#### Material to process
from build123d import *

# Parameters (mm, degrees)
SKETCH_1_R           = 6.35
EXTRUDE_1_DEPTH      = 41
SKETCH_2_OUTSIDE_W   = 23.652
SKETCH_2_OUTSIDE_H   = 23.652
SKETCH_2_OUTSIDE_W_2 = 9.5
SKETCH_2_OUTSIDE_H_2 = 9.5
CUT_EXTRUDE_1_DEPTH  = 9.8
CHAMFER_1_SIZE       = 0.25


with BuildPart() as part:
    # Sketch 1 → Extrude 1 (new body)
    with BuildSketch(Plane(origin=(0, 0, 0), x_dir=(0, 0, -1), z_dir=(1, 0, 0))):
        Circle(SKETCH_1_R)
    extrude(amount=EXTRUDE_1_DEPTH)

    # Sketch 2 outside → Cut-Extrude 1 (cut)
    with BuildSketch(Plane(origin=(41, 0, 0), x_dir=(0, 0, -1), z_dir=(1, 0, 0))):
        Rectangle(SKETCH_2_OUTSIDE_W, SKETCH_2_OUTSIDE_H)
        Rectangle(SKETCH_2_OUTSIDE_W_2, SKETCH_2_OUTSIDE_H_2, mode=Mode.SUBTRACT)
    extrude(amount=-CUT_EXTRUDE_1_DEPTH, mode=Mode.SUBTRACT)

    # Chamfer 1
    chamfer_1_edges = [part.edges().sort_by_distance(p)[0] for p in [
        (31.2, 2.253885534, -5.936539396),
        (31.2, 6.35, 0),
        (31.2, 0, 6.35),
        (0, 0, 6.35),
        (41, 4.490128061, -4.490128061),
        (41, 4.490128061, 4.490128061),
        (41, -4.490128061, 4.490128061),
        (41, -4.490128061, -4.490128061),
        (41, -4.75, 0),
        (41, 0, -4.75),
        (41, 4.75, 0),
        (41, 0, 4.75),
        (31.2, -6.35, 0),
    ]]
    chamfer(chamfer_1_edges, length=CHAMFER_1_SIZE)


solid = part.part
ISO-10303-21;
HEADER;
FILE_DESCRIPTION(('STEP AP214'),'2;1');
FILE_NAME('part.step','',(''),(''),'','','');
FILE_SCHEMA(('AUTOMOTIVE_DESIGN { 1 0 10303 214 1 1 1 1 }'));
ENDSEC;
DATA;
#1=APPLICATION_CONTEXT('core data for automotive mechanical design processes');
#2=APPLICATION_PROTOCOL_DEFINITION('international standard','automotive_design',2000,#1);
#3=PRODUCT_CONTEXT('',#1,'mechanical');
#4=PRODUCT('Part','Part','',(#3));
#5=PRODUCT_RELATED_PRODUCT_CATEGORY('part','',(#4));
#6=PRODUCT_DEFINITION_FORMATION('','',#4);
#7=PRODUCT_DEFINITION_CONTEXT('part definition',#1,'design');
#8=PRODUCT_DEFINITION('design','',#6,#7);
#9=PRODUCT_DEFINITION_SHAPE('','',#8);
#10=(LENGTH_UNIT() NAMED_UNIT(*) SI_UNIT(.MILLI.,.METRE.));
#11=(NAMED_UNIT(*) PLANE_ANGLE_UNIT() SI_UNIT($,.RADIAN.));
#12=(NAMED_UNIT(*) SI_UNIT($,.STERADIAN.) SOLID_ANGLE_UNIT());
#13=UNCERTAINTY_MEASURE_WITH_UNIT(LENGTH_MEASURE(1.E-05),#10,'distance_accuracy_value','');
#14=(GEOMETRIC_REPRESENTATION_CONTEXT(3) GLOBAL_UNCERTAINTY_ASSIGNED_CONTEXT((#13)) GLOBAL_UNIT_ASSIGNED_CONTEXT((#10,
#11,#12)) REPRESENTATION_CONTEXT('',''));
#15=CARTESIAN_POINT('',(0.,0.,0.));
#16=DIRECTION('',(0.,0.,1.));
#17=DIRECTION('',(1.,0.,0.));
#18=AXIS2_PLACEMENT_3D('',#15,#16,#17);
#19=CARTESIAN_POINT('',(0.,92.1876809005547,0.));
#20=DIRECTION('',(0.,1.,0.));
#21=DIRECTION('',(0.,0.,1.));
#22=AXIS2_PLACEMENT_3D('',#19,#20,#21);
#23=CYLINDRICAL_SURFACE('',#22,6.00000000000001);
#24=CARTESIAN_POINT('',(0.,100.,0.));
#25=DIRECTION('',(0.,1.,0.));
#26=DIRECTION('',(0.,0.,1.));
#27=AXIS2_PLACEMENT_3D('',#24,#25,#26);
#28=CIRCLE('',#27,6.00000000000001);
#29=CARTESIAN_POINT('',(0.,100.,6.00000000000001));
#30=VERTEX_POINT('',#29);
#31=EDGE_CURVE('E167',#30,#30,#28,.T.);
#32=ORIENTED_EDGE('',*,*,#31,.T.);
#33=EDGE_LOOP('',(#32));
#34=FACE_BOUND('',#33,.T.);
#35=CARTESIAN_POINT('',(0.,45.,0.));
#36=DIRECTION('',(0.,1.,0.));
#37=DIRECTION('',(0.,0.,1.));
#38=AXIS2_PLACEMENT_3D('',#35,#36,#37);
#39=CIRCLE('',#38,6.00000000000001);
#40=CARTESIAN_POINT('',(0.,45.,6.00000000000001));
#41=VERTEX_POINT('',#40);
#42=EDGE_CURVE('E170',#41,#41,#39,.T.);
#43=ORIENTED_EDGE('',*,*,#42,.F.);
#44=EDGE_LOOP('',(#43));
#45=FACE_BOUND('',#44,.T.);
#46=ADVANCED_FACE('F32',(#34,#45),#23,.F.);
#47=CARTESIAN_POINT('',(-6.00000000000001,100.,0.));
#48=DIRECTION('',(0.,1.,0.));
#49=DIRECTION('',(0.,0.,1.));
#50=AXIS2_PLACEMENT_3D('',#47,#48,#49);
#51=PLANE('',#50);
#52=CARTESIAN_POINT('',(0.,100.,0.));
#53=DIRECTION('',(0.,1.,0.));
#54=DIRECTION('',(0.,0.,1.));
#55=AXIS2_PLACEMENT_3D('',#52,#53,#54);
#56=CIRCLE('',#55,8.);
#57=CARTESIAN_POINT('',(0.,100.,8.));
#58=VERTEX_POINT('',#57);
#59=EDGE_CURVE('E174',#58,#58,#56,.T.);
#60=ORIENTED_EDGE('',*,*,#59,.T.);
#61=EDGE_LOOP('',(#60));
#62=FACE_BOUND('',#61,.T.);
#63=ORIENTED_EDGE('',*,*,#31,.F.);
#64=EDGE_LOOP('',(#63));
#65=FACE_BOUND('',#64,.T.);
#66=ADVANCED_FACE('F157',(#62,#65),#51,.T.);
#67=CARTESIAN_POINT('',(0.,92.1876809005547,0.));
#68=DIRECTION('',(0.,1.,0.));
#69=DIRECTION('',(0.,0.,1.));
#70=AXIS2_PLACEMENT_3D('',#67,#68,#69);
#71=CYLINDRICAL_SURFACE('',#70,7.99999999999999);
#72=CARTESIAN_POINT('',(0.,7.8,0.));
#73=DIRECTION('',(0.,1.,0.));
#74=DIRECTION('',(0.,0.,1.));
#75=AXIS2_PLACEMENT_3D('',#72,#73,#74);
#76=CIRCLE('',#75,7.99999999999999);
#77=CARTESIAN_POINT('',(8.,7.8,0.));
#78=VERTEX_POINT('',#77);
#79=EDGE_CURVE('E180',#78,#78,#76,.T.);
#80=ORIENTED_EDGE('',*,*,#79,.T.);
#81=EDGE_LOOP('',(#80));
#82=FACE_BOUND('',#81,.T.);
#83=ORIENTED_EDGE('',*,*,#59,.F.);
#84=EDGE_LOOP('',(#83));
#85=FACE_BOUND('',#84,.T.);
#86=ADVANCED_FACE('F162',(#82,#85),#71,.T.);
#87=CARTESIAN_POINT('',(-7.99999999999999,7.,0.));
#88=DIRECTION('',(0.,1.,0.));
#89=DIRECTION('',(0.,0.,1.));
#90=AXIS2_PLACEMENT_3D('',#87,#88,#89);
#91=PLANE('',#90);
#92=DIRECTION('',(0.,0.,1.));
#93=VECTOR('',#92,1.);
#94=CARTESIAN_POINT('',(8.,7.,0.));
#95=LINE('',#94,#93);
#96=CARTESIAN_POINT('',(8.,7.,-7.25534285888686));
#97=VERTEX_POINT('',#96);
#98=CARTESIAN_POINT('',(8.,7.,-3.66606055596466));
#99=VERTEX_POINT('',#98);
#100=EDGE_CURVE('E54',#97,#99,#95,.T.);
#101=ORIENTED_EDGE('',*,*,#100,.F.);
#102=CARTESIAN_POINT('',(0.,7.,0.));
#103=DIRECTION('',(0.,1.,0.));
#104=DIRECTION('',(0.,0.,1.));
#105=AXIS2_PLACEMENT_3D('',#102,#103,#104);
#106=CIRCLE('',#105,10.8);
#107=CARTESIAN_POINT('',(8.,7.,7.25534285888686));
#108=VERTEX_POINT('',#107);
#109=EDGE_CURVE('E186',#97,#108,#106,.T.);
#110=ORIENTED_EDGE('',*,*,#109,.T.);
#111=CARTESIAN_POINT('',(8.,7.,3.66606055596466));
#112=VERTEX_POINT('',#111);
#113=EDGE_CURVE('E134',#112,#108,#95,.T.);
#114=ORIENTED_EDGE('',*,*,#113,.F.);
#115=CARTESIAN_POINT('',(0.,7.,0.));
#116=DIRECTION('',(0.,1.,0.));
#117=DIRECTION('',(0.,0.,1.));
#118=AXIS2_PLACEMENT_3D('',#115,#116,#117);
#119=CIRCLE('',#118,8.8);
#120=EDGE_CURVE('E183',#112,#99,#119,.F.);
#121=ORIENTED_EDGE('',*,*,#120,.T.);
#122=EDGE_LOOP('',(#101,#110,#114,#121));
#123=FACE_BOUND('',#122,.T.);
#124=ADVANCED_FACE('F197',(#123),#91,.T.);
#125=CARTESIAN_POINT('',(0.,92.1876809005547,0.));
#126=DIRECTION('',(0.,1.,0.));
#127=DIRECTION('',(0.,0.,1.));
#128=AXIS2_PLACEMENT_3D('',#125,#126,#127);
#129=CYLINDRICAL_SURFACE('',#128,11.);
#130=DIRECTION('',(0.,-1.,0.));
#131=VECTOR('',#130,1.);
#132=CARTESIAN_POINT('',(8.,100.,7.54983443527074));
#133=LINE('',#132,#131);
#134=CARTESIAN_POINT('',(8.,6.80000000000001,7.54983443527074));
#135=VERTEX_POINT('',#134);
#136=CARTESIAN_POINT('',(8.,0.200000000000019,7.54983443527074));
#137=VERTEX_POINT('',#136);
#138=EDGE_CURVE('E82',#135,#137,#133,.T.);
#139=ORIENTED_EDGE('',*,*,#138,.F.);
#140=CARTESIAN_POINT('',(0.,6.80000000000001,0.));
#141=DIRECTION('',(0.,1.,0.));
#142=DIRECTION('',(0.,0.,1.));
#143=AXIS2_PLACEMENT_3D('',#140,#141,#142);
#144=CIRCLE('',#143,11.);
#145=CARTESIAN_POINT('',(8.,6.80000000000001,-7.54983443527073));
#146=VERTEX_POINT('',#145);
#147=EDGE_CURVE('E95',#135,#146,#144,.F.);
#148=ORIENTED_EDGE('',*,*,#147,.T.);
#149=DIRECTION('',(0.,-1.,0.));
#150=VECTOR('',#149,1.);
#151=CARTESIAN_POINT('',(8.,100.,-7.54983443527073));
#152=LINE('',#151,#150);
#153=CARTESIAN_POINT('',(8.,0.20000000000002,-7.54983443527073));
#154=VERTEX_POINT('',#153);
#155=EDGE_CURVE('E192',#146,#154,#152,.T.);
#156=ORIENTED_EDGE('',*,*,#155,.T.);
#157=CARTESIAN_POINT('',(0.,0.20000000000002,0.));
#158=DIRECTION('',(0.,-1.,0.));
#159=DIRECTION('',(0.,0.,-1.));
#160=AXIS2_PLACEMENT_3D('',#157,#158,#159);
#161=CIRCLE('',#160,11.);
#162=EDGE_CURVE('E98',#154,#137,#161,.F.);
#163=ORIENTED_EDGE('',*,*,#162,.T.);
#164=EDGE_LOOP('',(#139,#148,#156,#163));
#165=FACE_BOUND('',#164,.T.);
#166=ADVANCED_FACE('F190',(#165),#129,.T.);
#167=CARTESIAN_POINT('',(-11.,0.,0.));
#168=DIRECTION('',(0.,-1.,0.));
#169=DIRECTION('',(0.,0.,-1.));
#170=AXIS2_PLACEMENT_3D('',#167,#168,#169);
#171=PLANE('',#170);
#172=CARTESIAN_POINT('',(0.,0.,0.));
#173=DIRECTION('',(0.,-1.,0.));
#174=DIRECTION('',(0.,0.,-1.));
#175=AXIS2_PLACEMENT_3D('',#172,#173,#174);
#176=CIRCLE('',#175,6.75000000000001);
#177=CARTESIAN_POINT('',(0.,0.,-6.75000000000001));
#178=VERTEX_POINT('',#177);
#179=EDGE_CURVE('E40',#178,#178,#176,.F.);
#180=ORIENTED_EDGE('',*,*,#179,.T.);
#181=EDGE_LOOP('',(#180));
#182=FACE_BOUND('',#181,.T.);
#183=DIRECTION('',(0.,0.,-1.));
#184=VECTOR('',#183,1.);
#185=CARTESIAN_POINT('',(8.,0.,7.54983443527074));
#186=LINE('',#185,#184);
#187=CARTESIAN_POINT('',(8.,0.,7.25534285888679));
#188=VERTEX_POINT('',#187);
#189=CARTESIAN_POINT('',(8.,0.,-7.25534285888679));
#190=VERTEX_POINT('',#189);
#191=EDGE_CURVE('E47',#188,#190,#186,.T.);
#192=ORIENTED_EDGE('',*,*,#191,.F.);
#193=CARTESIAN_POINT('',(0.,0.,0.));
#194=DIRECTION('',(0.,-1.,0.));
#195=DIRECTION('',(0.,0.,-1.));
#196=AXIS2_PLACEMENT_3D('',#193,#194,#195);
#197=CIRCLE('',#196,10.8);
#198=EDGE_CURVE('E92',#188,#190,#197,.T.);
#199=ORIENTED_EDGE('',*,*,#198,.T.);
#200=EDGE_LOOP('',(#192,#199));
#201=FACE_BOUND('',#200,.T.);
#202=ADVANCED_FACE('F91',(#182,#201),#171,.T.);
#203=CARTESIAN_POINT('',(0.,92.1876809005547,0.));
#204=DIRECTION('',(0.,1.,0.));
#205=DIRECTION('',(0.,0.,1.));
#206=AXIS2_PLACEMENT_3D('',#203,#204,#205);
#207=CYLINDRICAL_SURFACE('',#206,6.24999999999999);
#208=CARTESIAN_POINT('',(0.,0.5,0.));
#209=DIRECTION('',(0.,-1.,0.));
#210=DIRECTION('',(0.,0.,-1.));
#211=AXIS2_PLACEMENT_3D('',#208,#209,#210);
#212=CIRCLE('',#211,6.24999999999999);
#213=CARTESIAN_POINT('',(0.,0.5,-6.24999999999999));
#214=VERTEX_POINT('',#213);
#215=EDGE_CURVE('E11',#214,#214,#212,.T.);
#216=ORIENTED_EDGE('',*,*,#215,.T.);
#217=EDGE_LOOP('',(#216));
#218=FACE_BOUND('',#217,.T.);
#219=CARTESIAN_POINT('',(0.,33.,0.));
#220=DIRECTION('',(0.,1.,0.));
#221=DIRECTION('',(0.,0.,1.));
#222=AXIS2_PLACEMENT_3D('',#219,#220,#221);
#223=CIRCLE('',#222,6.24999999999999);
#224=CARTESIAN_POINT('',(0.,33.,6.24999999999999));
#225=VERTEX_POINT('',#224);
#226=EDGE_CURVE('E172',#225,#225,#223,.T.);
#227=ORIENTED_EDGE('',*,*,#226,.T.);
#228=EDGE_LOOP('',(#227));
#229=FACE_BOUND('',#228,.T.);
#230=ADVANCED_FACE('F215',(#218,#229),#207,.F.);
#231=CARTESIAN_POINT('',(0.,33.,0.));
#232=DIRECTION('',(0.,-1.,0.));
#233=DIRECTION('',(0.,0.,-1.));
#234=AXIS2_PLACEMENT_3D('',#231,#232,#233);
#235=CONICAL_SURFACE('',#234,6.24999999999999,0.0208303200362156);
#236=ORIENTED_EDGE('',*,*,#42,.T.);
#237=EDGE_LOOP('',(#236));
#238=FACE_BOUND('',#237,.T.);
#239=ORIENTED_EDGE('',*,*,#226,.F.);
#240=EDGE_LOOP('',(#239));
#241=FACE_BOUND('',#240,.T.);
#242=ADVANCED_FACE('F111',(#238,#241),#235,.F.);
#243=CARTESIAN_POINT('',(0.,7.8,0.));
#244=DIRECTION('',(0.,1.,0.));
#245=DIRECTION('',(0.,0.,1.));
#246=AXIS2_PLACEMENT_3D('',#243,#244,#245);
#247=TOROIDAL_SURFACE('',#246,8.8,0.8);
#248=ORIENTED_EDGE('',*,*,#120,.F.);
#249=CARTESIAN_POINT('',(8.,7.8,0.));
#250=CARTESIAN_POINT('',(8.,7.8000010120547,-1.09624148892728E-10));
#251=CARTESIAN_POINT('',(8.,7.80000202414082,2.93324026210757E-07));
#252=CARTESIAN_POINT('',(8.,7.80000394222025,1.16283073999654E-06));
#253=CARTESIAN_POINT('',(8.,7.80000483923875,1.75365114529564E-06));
########
--- What needs to be done ---
Look above for the line containing "#244=DIRECTION('',(0.,1.,0.));". Return it and each line after it exactly, through the last line, and nothing more.

--- Result of the task ---
#244=DIRECTION('',(0.,1.,0.));
#245=DIRECTION('',(0.,0.,1.));
#246=AXIS2_PLACEMENT_3D('',#243,#244,#245);
#247=TOROIDAL_SURFACE('',#246,8.8,0.8);
#248=ORIENTED_EDGE('',*,*,#120,.F.);
#249=CARTESIAN_POINT('',(8.,7.8,0.));
#250=CARTESIAN_POINT('',(8.,7.8000010120547,-1.09624148892728E-10));
#251=CARTESIAN_POINT('',(8.,7.80000202414082,2.93324026210757E-07));
#252=CARTESIAN_POINT('',(8.,7.80000394222025,1.16283073999654E-06));
#253=CARTESIAN_POINT('',(8.,7.80000483923875,1.75365114529564E-06));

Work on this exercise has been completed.